Leave Emma Lazarus Out of It
Regardless of what you think our nation’s immigration policy should be today, it shouldn’t be determined by a schmaltzy sonnet written for a different era.
By ROBERTO SURO
In the latest SNL-worthy scrum from the White House briefing room, CNN’s Jim Acosta successfully taunted presidential adviser Stephen Miller by arguing that the new Trump immigration proposal violated traditions enshrined by the Statue of Liberty and in particular the Emma Lazarus poem (“Give me your tired … ”) associated with it.
Let’s leave aside Miller’s responses. Like the rest of what he said about the proposal to slash legal immigration by half and concentrate the remainder on high skilled workers, Miller diluted droplets of truth with oceans of demagoguery. Acosta’s simplistic provocation, however, does offer an occasion to think about how immigration gets discussed these days.

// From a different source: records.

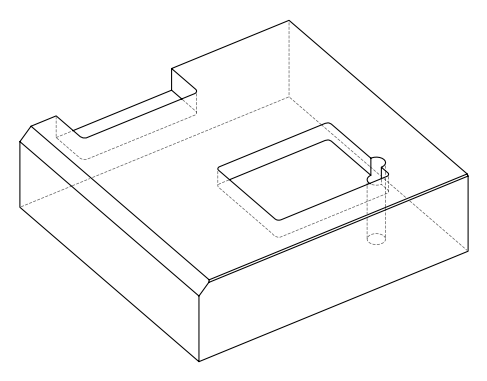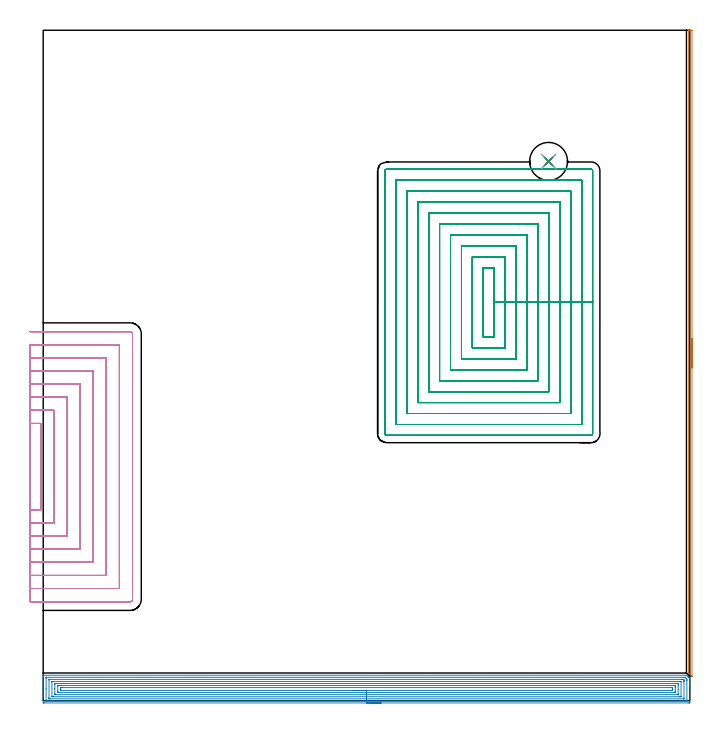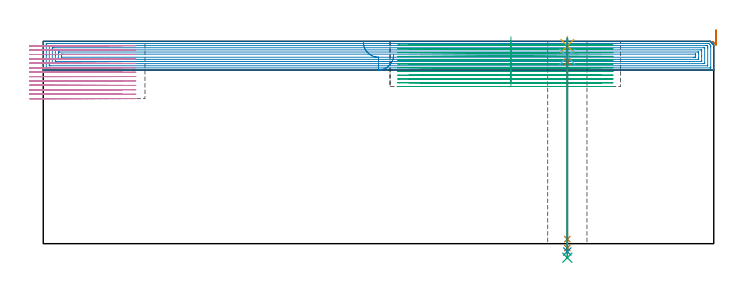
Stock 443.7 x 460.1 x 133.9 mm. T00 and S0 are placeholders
(PLAN: 9 operations, 7 tool changes, 212.1 min)
(1 AREA_MILL | FG_CHAMFER_SURFACE | UGT0205_001 | 3.69 min | 1176 mm3)
(2 AREA_MILL_1 | FG_CHAMFER_SURFACE_1 | UGT0205_001 | 25.17 min | 80078 mm3)
(3 MILL_RECTANGULAR_POCKET | POCKET_RECTANGULAR_STRAIGHT | NXT0201_013 | Follow Part, ap 2.5, ae 75% | 93.95 min | 877426 mm3)
(4 MILL_SLOT | SLOT_PARTIAL_RECTANGULAR | NXT0201_011 | Follow Part, ap 3, ae 75% | 87.46 min | 502361 mm3)
(5 SPOT_DRILL | STEP1HOLE | NXT0321_9005460120000 | 0.05 min | 73 mm3)
(6 DRILL_BLIND_HOLE_INTO_CENTER | STEP1HOLE | NXT0301_039 | 0.05 min | 123 mm3)
(7 GUN_DRILL_THROUGH_HOLE | STEP1HOLE | UGT0307_002 | 0.6 min | 3256 mm3)
(8 SPADE_DRILL_TO_ENLARGE_THROUGH_HOLE | STEP1HOLE | UGT0306_007 | 0.57 min | 22127 mm3)
(9 DRILL_TO_ENLARGE_THROUGH_HOLE | STEP1HOLE | UGT0301_387 | 0.58 min | 37809 mm3)
(TOOL UGT0205_001 | Chamfer Mill 20 x 3 x 45 deg. | D20 FL50 Z2)
(TOOL NXT0201_013 | ENDMILL 10mm | D10 FL30 Z4)
(TOOL NXT0201_011 | ENDMILL 12mm [2P460-1200-NA 1630] | D12 FL38 Z6)
(TOOL NXT0321_9005460120000 | NC Spot Drill, 142deg, 12mm, Carbide, Uncoated | D12 PA142 FL30 Z2)
(TOOL NXT0301_039 | Carbide Drill 6.8mm [860.1-0680-034A1-MM 2214] | D6.8 PA140 FL53 Z2)
(TOOL UGT0307_002 | Gun Drill 6 mm | D6 PA130 FL24 Z1)
(TOOL UGT0306_007 | Spade Drill 16.5mm | D16.5 PA132 FL10 Z2)
(TOOL UGT0301_387 | Twist Drill 26 mm | D26 PA118 FL165 Z2)
(OP 1 AREA_MILL)
G17 G21 G94 G90
T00 M6
G54
G17 G0 G90 X445.2 Y248.4 S1061 M3
G43 Z143.9 H0
Z141.6
G94 G1 Y248.362 Z140.728 F250.
Y248.248 Z139.863
Y248.059 Z139.012
Y247.797 Z138.18
Y247.463 Z137.374
Y247.06 Z136.6
Y246.592 Z135.864
Y246.06 Z135.172
Y245.471 Z134.529
Y244.828 Z133.94
Y244.136 Z133.408
Y243.4 Z132.94
Y242.626 Z132.537
Y241.82 Z132.203
Y240.988 Z131.941
Y240.136 Z131.752
Y239.272 Z131.638
Y238.4 Z131.6
X445.199 Y16.87 Z131.599
Y16.799
X445.197 Y16.747 Z131.597
X445.193 Y16.729 Z131.598
X445.191 Y16.717 Z131.6
X445.139 Y16.757 Z131.653
X445.066 Y16.833 Z131.731
X445.028 Y16.87 Z131.769
X443.075 Y18.824 Z133.724
X442.938 Y18.964 Z133.858
X442.904 Y19.005 Z133.889
X442.9 Y19.103 Z133.9
Y459.93
X442.903 Y460.09 Z133.888
X443.005 Y460.097 Z133.787
X443.114 Y460.1 Z133.685
X443.387 Z133.412
X444.05 Z132.745
X444.381 Z132.415
X444.919 Y460.097 Z131.877
X445.191 Y460.096 Z131.605
X445.193 Y460.071 Z131.604
X445.2 Y459.786 Z131.6
Y238.4
Y237.528 Z131.638
Y236.664 Z131.752
Y235.812 Z131.941
Y234.98 Z132.203
Y234.174 Z132.537
Y233.4 Z132.94
Y232.664 Z133.408
Y231.972 Z133.94
Y231.329 Z134.529
Y230.74 Z135.172
Y230.208 Z135.864
Y229.74 Z136.6
Y229.337 Z137.374
Y229.003 Z138.18
Y228.741 Z139.012
Y228.552 Z139.863
Y228.438 Z140.728
Y228.4 Z141.6
G0 Z143.9
M5
M2
(OP 2 AREA_MILL_1)
G17 G21 G94 G90
T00 M6
G54
G17 G0 G90 X231.85 Y-1.5 S1061 M3
G43 Z143.9 H0
Z124.9
G94 G1 X231.812 Z124.028 F250.
X231.698 Z123.164
X231.509 Z122.312
X231.247 Z121.48
X230.913 Z120.674
X230.51 Z119.9
X230.042 Z119.164
X229.51 Z118.472
X228.921 Z117.829
X228.278 Z117.24
X227.586 Z116.708
X226.85 Z116.24
X226.076 Z115.837
X225.27 Z115.503
X224.438 Z115.241
X223.587 Z115.052
X222.722 Z114.938
X221.85 Z114.9
X0.625
X0.317 Y-1.497 Z114.902
X0.01 Y-1.492 Z114.906
X0. Y-1.18 Z115.217
Y13.615 Z130.011
Y16.021 Z132.416
Y16.731 Z133.13
Y17.032 Z133.432
X0.008 Y17.446 Z133.837
X0.01 Y17.497 Z133.889
X0.178 Y17.5 Z133.9
X441.288
X441.395 Y17.496 Z133.889
X441.455 Y17.447 Z133.842
X441.543 Y17.358 Z133.756
X442.181 Y16.719 Z133.118
X442.287 Y16.615 Z133.011
X442.388 Y16.512 Z132.911
X442.479 Y16.421 Z132.82
X442.584 Y16.318 Z132.714
X442.684 Y16.216 Z132.615
X442.777 Y16.123 Z132.522
X442.881 Y16.021 Z132.417
X442.981 Y15.919 Z132.319
X443.075 Y15.825 Z132.224
X443.178 Y15.724 Z132.12
X443.277 Y15.623 Z132.023
X443.373 Y15.527 Z131.926
X443.475 Y15.427 Z131.823
X443.573 Y15.327 Z131.727
X443.671 Y15.225 Z131.625
X443.696 Y15.192 Z131.59
X443.7 Y15.043 Z131.442
Y14.238 Z130.633
Y12.101 Z128.498
Y10.674 Z127.069
Y-0.644 Z115.754
X443.698 Y-0.912 Z115.485
X443.693 Y-1.492 Z114.906
X443.658 Y-1.493 Z114.904
X443.075 Y-1.5 Z114.9
X221.85
Y-0.086 Z116.314
X2.413 Y-0.085 Z116.315
X2.348 Y-0.084 Z116.316
X2.218 Y-0.081 Z116.319
X2.01 Y-0.073 Z116.327
X2.008 Y-0.021 Z116.379
X2.001 Y0.389 Z116.789
X2. Y8.206 Z124.606
Y15.541 Z131.941
X2.004 Y16.021 Z132.421
X2.007 Y16.071 Z132.471
X2.008 Y16.078 Z132.478
X2.066 Y16.081 Z132.481
X2.152 Y16.084 Z132.484
X2.282 Y16.086 Z132.486
X2.347
X439.5
X440.333 Y16.081 Z132.481
X440.356 Y16.079 Z132.479
X440.394 Y16.053 Z132.453
X440.411 Y16.038 Z132.438
X440.418 Y16.033 Z132.433
X441.32 Y15.13 Z131.53
X441.69 Y14.728 Z131.128
X441.696 Y14.238 Z130.638
X441.699 Y13.828 Z130.228
X441.7 Y0.459 Z116.859
X441.696 Y-0.021 Z116.379
X441.693 Y-0.071 Z116.329
X441.692 Y-0.078 Z116.322
X441.634 Y-0.081 Z116.319
X441.548 Y-0.084 Z116.316
X441.418 Y-0.086 Z116.314
X441.353
X221.85
Y1.329 Z117.729
X4.634
X4.2 Y1.331 Z117.731
X4.056 Y1.333 Z117.733
X4.013 Y1.335 Z117.735
X4.008 Y1.429 Z117.829
X4.003 Y1.562 Z117.962
X4.001 Y1.762 Z118.162
X4. Y1.961 Z118.361
X4.001 Y14.238 Z130.638
X4.002 Y14.436 Z130.836
X4.01 Y14.637 Z131.037
X4.019 Y14.665 Z131.065
X4.038 Y14.667 Z131.067
X4.092 Y14.67 Z131.07
X4.2 Y14.671 Z131.071
X438.172
X438.606
X439.069 Y14.668 Z131.068
X439.281 Y14.665 Z131.065
X439.336 Y14.653 Z131.053
X439.408 Y14.586 Z130.986
X439.5 Y14.498 Z130.898
X439.625 Y14.367 Z130.767
X439.685 Y14.301 Z130.701
X439.69 Y14.238 Z130.638
X439.697 Y14.042 Z130.442
X439.7 Y13.347 Z129.747
Y13.148 Z129.548
X439.699 Y1.762 Z118.162
X439.698 Y1.564 Z117.964
X439.69 Y1.363 Z117.763
X439.682 Y1.335 Z117.735
X439.662 Y1.333 Z117.733
X439.608 Y1.33 Z117.73
X439.5 Y1.329 Z117.729
X221.85
Y2.743 Z119.143
X6.791
X6.064 Y2.748 Z119.148
X6.023 Y2.749 Z119.149
X6.01 Y2.753 Z119.153
X6.008 Y2.776 Z119.176
X6.003 Y2.883 Z119.283
X6.001 Y3.1 Z119.5
Y12.896 Z129.296
X6.003 Y13.115 Z129.515
X6.008 Y13.225 Z129.625
X6.01 Y13.247 Z129.647
X6.027 Y13.251 Z129.651
X6.082 Y13.253 Z129.653
X6.882 Y13.257 Z129.657
X6.972
X436.909
X437.636 Y13.252 Z129.652
X437.677 Y13.251 Z129.651
X437.69 Y13.247 Z129.647
X437.693 Y13.224 Z129.624
X437.697 Y13.117 Z129.517
X437.699 Y12.9 Z129.3
Y3.104 Z119.504
X437.697 Y2.885 Z119.285
X437.692 Y2.775 Z119.175
X437.69 Y2.753 Z119.153
X437.673 Y2.75 Z119.15
X437.618 Y2.747 Z119.147
X436.818 Y2.743 Z119.143
X436.728
X221.85
Y4.157 Z120.557
X8.669
X8.051 Y4.161 Z120.561
X8.02 Y4.164 Z120.564
X8.01 Y4.167 Z120.567
X8.004 Y4.208 Z120.608
X8.002 Y4.435 Z120.835
X8. Y5.103 Z121.503
Y8.222 Z124.622
Y11.341 Z127.741
X8.001 Y11.565 Z127.965
X8.003 Y11.732 Z128.132
X8.007 Y11.814 Z128.214
X8.009 Y11.831 Z128.231
X8.033 Y11.836 Z128.236
X8.111 Y11.839 Z128.239
X8.391 Y11.842 Z128.242
X15.881 Y11.843 Z128.243
X435.031
X435.649 Y11.839 Z128.239
X435.68 Y11.836 Z128.236
X435.69 Y11.833 Z128.233
X435.696 Y11.792 Z128.192
X435.699 Y11.565 Z127.965
X435.7 Y10.897 Z127.297
Y7.778 Z124.178
Y4.659 Z121.059
X435.699 Y4.435 Z120.835
X435.697 Y4.268 Z120.668
X435.693 Y4.186 Z120.586
X435.691 Y4.169 Z120.569
X435.667 Y4.164 Z120.564
X435.589 Y4.162 Z120.562
X435.309 Y4.158 Z120.558
X427.773 Y4.157 Z120.557
X221.85
Y5.571 Z121.971
X10.457 Y5.572 Z121.972
X10.21 Y5.573 Z121.973
X10.078 Y5.576 Z121.976
X10.018 Y5.578 Z121.978
X10.01 Y5.609 Z122.009
X10.003 Y5.779 Z122.179
X10.001 Y6.218 Z122.618
X10. Y6.673 Z123.073
X10.001 Y9.782 Z126.182
X10.003 Y10.235 Z126.635
X10.01 Y10.389 Z126.789
X10.02 Y10.422 Z126.822
X10.053 Y10.424 Z126.824
X10.133 Y10.426 Z126.826
X10.457 Y10.428 Z126.828
X10.703 Y10.429 Z126.829
X433.243 Y10.428 Z126.828
X433.49 Y10.427 Z126.827
X433.623 Y10.424 Z126.824
X433.682 Y10.422 Z126.822
X433.69 Y10.391 Z126.791
X433.697 Y10.221 Z126.621
X433.699 Y9.782 Z126.182
X433.7 Y9.327 Z125.727
Y6.653 Z123.053
X433.699 Y6.218 Z122.618
X433.697 Y5.765 Z122.165
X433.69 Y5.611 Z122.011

Since it was erected in 1886 the Statue of Liberty has served as an emblem of what the United States has to offer the world, liberty as a form of enlightenment. That was the intent of its creators, and that’s why she holds a tablet inscribed with the date of the Declaration of Independence. Millions of immigrants knew they had arrived at a spiritual as much as a geographic destination when they saw the robed woman, her crown and torch.
The poem, “The New Colossus,” was added later. Originally written for an auction that raised funds for the statue’s pedestal, the now famous words did not reach the statue until 1903 and then only on bronze plaque placed inconspicuously in a stairway landing. It was meant at a tribute to the writer, a socialite who was also an advocate for Jewish refugees and who died young. The statue and the poem only gradually became prominent symbols of generous immigration policies, reaching an apotheosis with the 1986 centennial celebrations, a Reagan-era corporate extravaganza.
Some years ago I wrote a piece for the Washington Post that gets dragged out on days like Wednesday because I opined that the poem “can safely be removed, shrouded or at least marked with a big asterisk. We live in a different era of immigration, and the schmaltzy sonnet offers a dangerously distorted picture of the relationship between newcomers and the new land.”
My objections start with the depiction of immigrants, “tired … poor … wretched refuse … the homeless, tempest-tost.” That description applies to some refugees for sure, but not to most immigrants. They are adventurers who get up and go when times are tough or take off just because they think can get a better deal somewhere else. They are rarely the poorest of the poor because it takes resources to migrate. Sadly, the most afflicted, as Lazarus described them, are the folks who get left behind.
Even the noble phrase, “huddled masses yearning to breathe free,” distorts reality. Sure, lots of people have come to the United States for political reasons, and that is an important component of our immigration history. But, many, many more have come here because they saw an opportunity to improve their social and economic well-being, and many others have come just because they wanted to be with family who had already made the trip. We need to be OK with that. Immigration for love or money is perfectly respectable. Immigration by people who have made money and want to make more is honorable. We do not limit immigration to the desperate or the persecuted and never have. It is important that we have channels to welcome them, but humanitarian migration is just one aspect of our policies.
The Lazarus vision becomes more problematic when poorly informed commentators like Acosta invoke it as a historical basis for immigration policy. Acosta provoked Miller by contending that the Lazarus poem embodies an “American tradition” of welcoming immigrants regardless of their qualifications. In truth, for as long as the Statue of Liberty has stood in New York harbor, the United States has had policies to block immigration by people considered too poor to make it on their own, or too sick or who are morally, politically or socially unfit. Lazarus wrote poetry not policy.
At different times, we have embraced tinny patriotic expressions like “we are a nation of immigrants” to either exclude and embrace foreigners. In what has become perhaps the most polarized sector of our insanely polarized politics, appeals to patriotic values have become a staple for all sides. That may be one reason we are stuck in this very repetitive battle. Immigration policies need to be reinvented by every generation for the needs of that generation. Like any national endeavor that requires sacrifice, the management of migration requires public support based on self-interests, contemporary realities and articulable future goals—as well as enduring values.
Someday we might get to a reasonable and productive debate over immigration policy. I don’t know how, but for sure it is not going to happen by looking to Lazarus alone for inspiration.